====== Source material ======

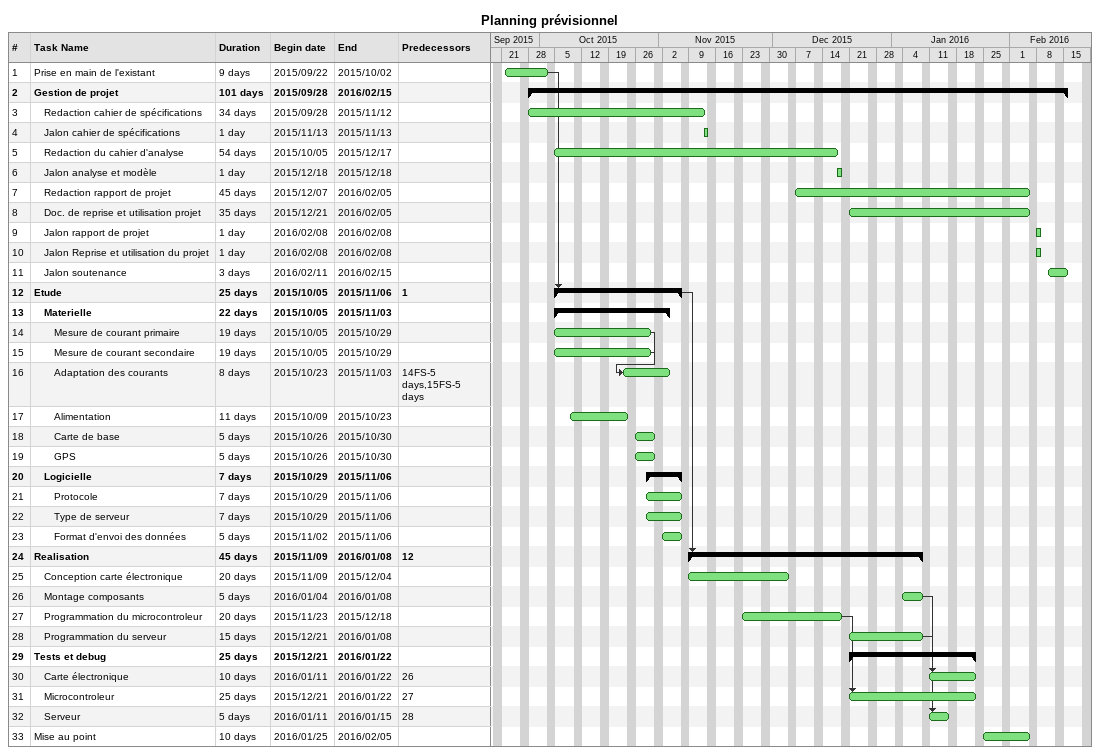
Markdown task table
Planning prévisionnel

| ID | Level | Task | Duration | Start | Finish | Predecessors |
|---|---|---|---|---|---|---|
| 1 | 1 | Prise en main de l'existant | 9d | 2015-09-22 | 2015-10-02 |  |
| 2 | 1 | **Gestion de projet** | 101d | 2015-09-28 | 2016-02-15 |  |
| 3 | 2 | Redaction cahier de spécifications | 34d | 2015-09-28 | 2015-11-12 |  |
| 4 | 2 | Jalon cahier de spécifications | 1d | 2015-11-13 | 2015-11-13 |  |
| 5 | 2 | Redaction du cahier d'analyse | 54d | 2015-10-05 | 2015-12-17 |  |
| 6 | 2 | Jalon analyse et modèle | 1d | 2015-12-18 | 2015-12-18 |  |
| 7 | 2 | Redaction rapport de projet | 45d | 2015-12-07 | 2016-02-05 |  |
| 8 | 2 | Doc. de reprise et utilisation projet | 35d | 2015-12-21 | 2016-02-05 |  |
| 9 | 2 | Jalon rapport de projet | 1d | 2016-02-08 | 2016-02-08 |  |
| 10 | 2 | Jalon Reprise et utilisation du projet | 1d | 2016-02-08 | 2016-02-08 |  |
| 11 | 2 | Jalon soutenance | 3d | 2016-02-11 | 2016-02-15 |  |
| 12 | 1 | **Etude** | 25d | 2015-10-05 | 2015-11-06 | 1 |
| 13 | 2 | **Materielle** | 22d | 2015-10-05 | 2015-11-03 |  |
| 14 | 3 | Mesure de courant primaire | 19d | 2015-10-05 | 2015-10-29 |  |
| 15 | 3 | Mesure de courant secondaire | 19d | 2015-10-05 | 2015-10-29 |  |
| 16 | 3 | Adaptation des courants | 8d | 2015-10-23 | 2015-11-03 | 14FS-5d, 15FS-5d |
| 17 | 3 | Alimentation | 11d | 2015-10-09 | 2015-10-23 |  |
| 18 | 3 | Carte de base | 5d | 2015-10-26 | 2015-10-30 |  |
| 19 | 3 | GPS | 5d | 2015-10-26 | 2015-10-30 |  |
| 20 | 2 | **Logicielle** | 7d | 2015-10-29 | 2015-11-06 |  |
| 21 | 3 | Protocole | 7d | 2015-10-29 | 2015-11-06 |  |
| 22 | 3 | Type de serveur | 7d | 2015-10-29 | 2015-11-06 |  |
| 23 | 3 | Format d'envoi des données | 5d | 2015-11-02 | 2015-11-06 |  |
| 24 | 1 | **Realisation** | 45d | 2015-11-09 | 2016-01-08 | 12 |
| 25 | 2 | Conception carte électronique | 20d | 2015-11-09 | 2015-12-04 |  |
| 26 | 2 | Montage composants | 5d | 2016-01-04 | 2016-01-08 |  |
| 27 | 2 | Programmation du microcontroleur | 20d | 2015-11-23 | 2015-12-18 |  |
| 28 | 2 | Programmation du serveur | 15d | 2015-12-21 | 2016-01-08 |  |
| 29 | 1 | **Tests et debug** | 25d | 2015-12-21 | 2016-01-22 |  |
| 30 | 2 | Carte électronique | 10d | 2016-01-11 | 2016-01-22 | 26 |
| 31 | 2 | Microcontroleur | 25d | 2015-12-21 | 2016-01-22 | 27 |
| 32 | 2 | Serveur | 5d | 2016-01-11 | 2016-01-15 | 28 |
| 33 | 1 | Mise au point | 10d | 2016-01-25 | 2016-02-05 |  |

======

• _Work instructions_
From the first line to the last, return the records exactly and leave the pictures behind.

• _Output below_
Markdown task table
Planning prévisionnel

| ID | Level | Task | Duration | Start | Finish | Predecessors |
|---|---|---|---|---|---|---|
| 1 | 1 | Prise en main de l'existant | 9d | 2015-09-22 | 2015-10-02 |  |
| 2 | 1 | **Gestion de projet** | 101d | 2015-09-28 | 2016-02-15 |  |
| 3 | 2 | Redaction cahier de spécifications | 34d | 2015-09-28 | 2015-11-12 |  |
| 4 | 2 | Jalon cahier de spécifications | 1d | 2015-11-13 | 2015-11-13 |  |
| 5 | 2 | Redaction du cahier d'analyse | 54d | 2015-10-05 | 2015-12-17 |  |
| 6 | 2 | Jalon analyse et modèle | 1d | 2015-12-18 | 2015-12-18 |  |
| 7 | 2 | Redaction rapport de projet | 45d | 2015-12-07 | 2016-02-05 |  |
| 8 | 2 | Doc. de reprise et utilisation projet | 35d | 2015-12-21 | 2016-02-05 |  |
| 9 | 2 | Jalon rapport de projet | 1d | 2016-02-08 | 2016-02-08 |  |
| 10 | 2 | Jalon Reprise et utilisation du projet | 1d | 2016-02-08 | 2016-02-08 |  |
| 11 | 2 | Jalon soutenance | 3d | 2016-02-11 | 2016-02-15 |  |
| 12 | 1 | **Etude** | 25d | 2015-10-05 | 2015-11-06 | 1 |
| 13 | 2 | **Materielle** | 22d | 2015-10-05 | 2015-11-03 |  |
| 14 | 3 | Mesure de courant primaire | 19d | 2015-10-05 | 2015-10-29 |  |
| 15 | 3 | Mesure de courant secondaire | 19d | 2015-10-05 | 2015-10-29 |  |
| 16 | 3 | Adaptation des courants | 8d | 2015-10-23 | 2015-11-03 | 14FS-5d, 15FS-5d |
| 17 | 3 | Alimentation | 11d | 2015-10-09 | 2015-10-23 |  |
| 18 | 3 | Carte de base | 5d | 2015-10-26 | 2015-10-30 |  |
| 19 | 3 | GPS | 5d | 2015-10-26 | 2015-10-30 |  |
| 20 | 2 | **Logicielle** | 7d | 2015-10-29 | 2015-11-06 |  |
| 21 | 3 | Protocole | 7d | 2015-10-29 | 2015-11-06 |  |
| 22 | 3 | Type de serveur | 7d | 2015-10-29 | 2015-11-06 |  |
| 23 | 3 | Format d'envoi des données | 5d | 2015-11-02 | 2015-11-06 |  |
| 24 | 1 | **Realisation** | 45d | 2015-11-09 | 2016-01-08 | 12 |
| 25 | 2 | Conception carte électronique | 20d | 2015-11-09 | 2015-12-04 |  |
| 26 | 2 | Montage composants | 5d | 2016-01-04 | 2016-01-08 |  |
| 27 | 2 | Programmation du microcontroleur | 20d | 2015-11-23 | 2015-12-18 |  |
| 28 | 2 | Programmation du serveur | 15d | 2015-12-21 | 2016-01-08 |  |
| 29 | 1 | **Tests et debug** | 25d | 2015-12-21 | 2016-01-22 |  |
| 30 | 2 | Carte électronique | 10d | 2016-01-11 | 2016-01-22 | 26 |
| 31 | 2 | Microcontroleur | 25d | 2015-12-21 | 2016-01-22 | 27 |
| 32 | 2 | Serveur | 5d | 2016-01-11 | 2016-01-15 | 28 |
| 33 | 1 | Mise au point | 10d | 2016-01-25 | 2016-02-05 |  |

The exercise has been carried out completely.